11.—(1) A person who is convicted of an offence under section 398 of the Act M4 as applied by paragraph 8 of Schedule 1 of these Regulations is not subsequently liable to a penalty under regulation 8 (financial penalties) in respect of the same acts or omissions that constituted the offence.
(2) A person on whom a penalty has been imposed under regulation 8 (financial penalties) is not subsequently liable for an offence under section 398 of the Act as applied by these Regulations in respect of the same contravention that led to the imposition of the penalty.
Marginal Citations
M4Section 398 was amended by paragraph 36 of Schedule 9 to the Financial Services Act 2012 (c.21) and S.I. 2013/1773. There are other amendments but none is relevant.
12.—(1) An application for authorisation to provide a third party verification service as provided for in Article 28 of the EU Securitisation Regulation 2017 must —
(a)be made in such manner as the FCA may direct; and
(b)contain, or be accompanied by, such information as may be required under Article 28 of the EU Securitisation Regulation 2017 and such other information as the FCA may reasonably require.
(2) At any time after the application is received and before it is determined, the FCA may require the applicant to provide it with such further information as it reasonably considers necessary to enable it to determine the application.
(3) The FCA may give different directions, and may impose different requirements, in relation to different applications or categories of application.
(4) The FCA may require an applicant to provide information which the applicant is required to provide to it under these regulations in such form, or to verify it in such a way, as the FCA may direct.
13.—(1) The FCA must determine an application for authorisation to provide a third party verification service as provided for in Article 28 of the EU Securitisation Regulation 2017 before the end of the period of six months beginning with the date on which it received the completed application.
(2) The FCA may determine an incomplete application if it considers it appropriate to do so, and it must in any event determine such an application within 12 months beginning with the date on which it received the application.
(3) The applicant may withdraw its application, by giving the FCA notice, at any time before the FCA determines it.
(4) If the FCA decides to grant an application it must give the applicant notice of its decision specifying the date on which the authorisation takes effect.

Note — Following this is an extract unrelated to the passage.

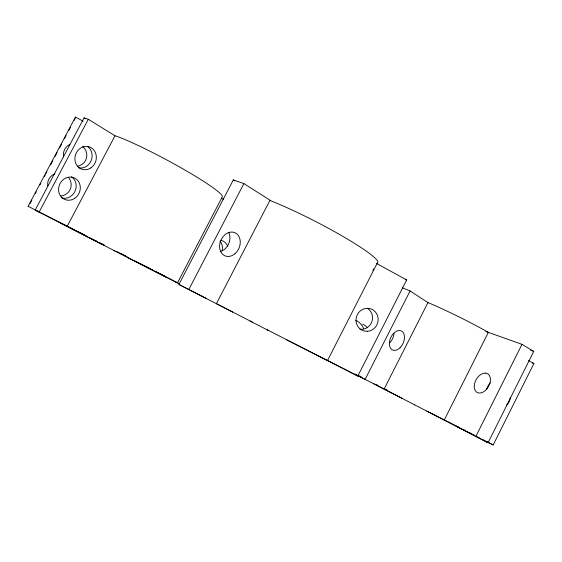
<?xml version="1.0" encoding="UTF-8"?>
<svg xmlns="http://www.w3.org/2000/svg" width="562" height="562" viewBox="0 0 562 562"><rect width="100%" height="100%" fill="white"/><g stroke="black" fill="none" stroke-linecap="round" stroke-linejoin="round"><path stroke-width="0.84" d="M75.463 118.006L75.477 117.051L83.141 121.209M475.824 436.484L521.986 344.337L533.752 351.369L488.062 442.737L414.672 404.886M483.046 439.751L493.183 444.949L533.9 363.488L528.526 360.565M444.247 420.067L488.364 332.374L521.986 344.337M410.077 290.933L427.949 302.595L384.085 389.108L354.875 374.137L365.096 379.434L410.077 290.933L402.406 287.863M252.668 322.307L178.892 284.449L233.314 179.924L243.887 183.598L271.291 201.02A73.179 8.016 27.3 0 1 339.209 234.284A73.179 8.016 27.3 0 1 377.924 261.808L327.491 360.551L327.021 360.228L357.811 376.013L406.677 279.96L376.47 263.416M372.88 270.441L373.681 268.882M269.858 200.515L216.412 303.663L232.647 312.065M188.776 289.585L243.887 183.598M113.693 250.441L177.459 282.918L222.32 196.77A66.414 6.273 28.2 0 0 185.179 170.188A66.414 6.273 28.2 0 0 119.39 137.269L115.013 135.765L88.318 119.277L84.075 117.872L35.181 210.076L39.108 212.12L88.318 119.277M35.181 210.076L67.131 226.423L115.013 135.765M74.472 229.907L28.1 206.31L75.477 117.051M30.137 203.402L31.774 200.325M35.448 193.405L36.263 191.867M39.937 184.94L40.752 183.402M44.433 176.475L45.248 174.937M46.063 173.398L46.878 171.86M50.552 164.933L52.596 161.09M55.048 156.475L57.092 152.625M59.537 148.01L61.581 144.16M64.44 138.779L66.07 135.702M68.929 130.314L70.566 127.237M74.24 120.31L75.055 118.772M359.842 329.184L362.019 329.346A11.345 10.84 -72.5 0 0 372.163 320.719A11.345 10.84 -72.5 0 0 367.436 308.341M405.139 279.714L406.677 279.96M532.305 363.01L533.9 363.488M485.849 331.58L488.364 332.374A62.375 5.62 26.4 0 0 429.375 303.171L427.949 302.595M530.528 350.21L533.752 351.369M28.1 206.31L28.5 206.486M327.491 360.551L286.269 339.631M469.207 432.775L456.168 426.165L488.062 442.737M151.333 269.648L165.797 276.933L160.346 274.038M78.273 231.839L82.073 233.771M85.333 235.499L59.143 222.229M82.818 234.157L86.569 236.068M89.182 237.459L96.495 241.189M150.595 269.268L127.806 257.621M358.493 375.507L361.605 377.095M376.407 384.654L377.966 385.455M384.197 388.637L387.316 390.225M178.892 284.449L206.437 298.478M373.892 383.825L402.638 398.634M294.6 343.803L357.811 376.013M94.809 240.276L96.369 241.077M100.268 243.072L104.167 245.067M63.113 224.329L102.01 244.379M100.169 243.072L103.949 245.004M179.636 283.901L161.73 274.678M463.531 429.677L465.069 430.464M474.293 435.199L468.912 432.438L470.991 433.632M477.581 436.948L479.147 437.749M426.839 411.089L459.674 427.703M267.14 329.746L293.821 343.41M121.062 253.729L122.586 254.516M116.622 251.495L122.495 254.509M123.352 254.902L127.082 256.82L123.261 254.902M135.28 261.042L136.777 261.808M114.781 250.947L67.131 226.423M249.999 321.007L268.39 330.463M385.455 389.817L414.707 404.851M137.521 262.187L150.567 268.91M145.27 266.226L153.496 270.484M155.772 271.601L160.985 274.291M158.062 272.851L159.587 273.645M486.601 441.514L493.183 444.949M175.723 281.969L177.459 282.918M221.344 198.119L223.585 199.412M84.075 117.872L85.55 118.786M233.314 179.924L234.754 180.852M219.96 241.246L221.077 242.714A10.545 9.772 -69 0 1 222.109 250.54M87.56 146.52A11.704 10.587 -72.4 0 1 91.135 160.711A11.704 10.587 -72.4 0 1 78.638 167.771M71.514 176.847A11.704 10.643 -65.4 0 1 74.886 191.537A11.704 10.643 -65.4 0 1 61.237 197.733M82.733 146.422A11.823 11.388 29.8 0 1 86.471 158.091A11.823 11.388 29.8 0 1 77.584 166.219M63.654 156.96A11.823 11.388 29.8 0 1 69.8 144.497M68.733 177.782A11.844 11.423 23.5 0 1 61.026 195.976M47.735 185.811A11.844 11.423 23.5 0 1 54.872 173.834M221.063 240.388A10.699 9.884 -69 0 1 225.545 242.861L227.139 244.955A10.699 9.884 -69 0 1 227.722 246.156M362.581 324.148A31.591 21.328 -62.4 0 1 367.155 327.379M355.746 320.291A31.802 21.272 -62.4 0 1 363.621 328.517M393.99 333.47A10.362 6.807 -65.4 0 1 389.691 342.82M510.254 397.72A9.765 8.943 -70 0 1 506.573 405.083M228.622 232.261A12.42 9.849 -66.8 0 1 220.332 251.544M486.601 389.269A10.65 7.158 -60.9 0 1 490.359 382.855M485.217 373.077L483.165 373.372A10.741 7.088 -60.9 0 0 474.461 384.113A10.741 7.088 -60.9 0 0 479.288 393.063L481.346 392.81A10.741 7.088 -60.9 0 0 490.183 382.012A10.741 7.088 -60.9 0 0 485.217 373.077M367.464 331.299L364.583 331.088A11.563 11.029 -72.5 0 1 356.069 318.963A11.563 11.029 -72.5 0 1 366.782 308.313L369.663 308.538A11.563 11.029 -72.5 0 1 378.114 320.649A11.563 11.029 -72.5 0 1 367.464 331.299M90.791 167.947A11.788 10.622 -72.3 0 0 91.192 147.729A11.788 10.622 -72.3 0 0 74.894 158.512A11.788 10.622 -72.3 0 0 90.791 167.947M74.725 198.337A11.788 10.671 -65.4 0 0 75.034 178.273A11.788 10.671 -65.4 0 0 58.574 189.324A11.788 10.671 -65.4 0 0 74.725 198.337M400.018 347.738A10.481 6.793 -65.4 0 0 401.338 330.955A10.481 6.793 -65.4 0 0 389.389 342.68A10.481 6.793 -65.4 0 0 400.018 347.738M234.916 253.757A12.589 9.877 -66.8 0 0 235.26 232.872A12.589 9.877 -66.8 0 0 219.573 246.163A12.589 9.877 -66.8 0 0 234.916 253.757"/></g></svg>

14.—(1) The FCA may decide to withdraw temporarily the authorisation of a third party verifier if it appears to the FCA that —
(a)the third party verifier is materially non-compliant with Article 28(1) of the EU Securitisation Regulation 2017;
(b)the third party verifier has failed, during a period of at least 12 months, to provide a third party verification service;
(c)the third party verifier has obtained the authorisation to provide a third party verification service through false statements or other irregular means;
(d)the third party verifier has failed to comply with Article 28(2) of the EU Securitisation Regulation 2017; or
(e)it is desirable to do so to advance one or more of the FCA's operational objectives set out in section 1B(3) of the Act.
(2) The FCA may—
(a)revoke the temporary withdrawal imposed under paragraph (1); or
(b)vary the period for which the temporary withdrawal has effect.
15.—(1) When the FCA exercises its functions under regulation 14, its decision takes effect —
(a)immediately, if the notice given under paragraph (3) states that that is the case;
(b)on such other date as may be specified in the notice; or
(c)if no date is specified in the notice, when the matter to which the notice relates is no longer open to review.
(2) A decision of the FCA made under regulation 14 may be expressed to take effect immediately (or on a specified date) only if the FCA, having regard to the ground on which it is exercising this power, reasonably considers that it is necessary for the decision to take effect immediately (or on that date).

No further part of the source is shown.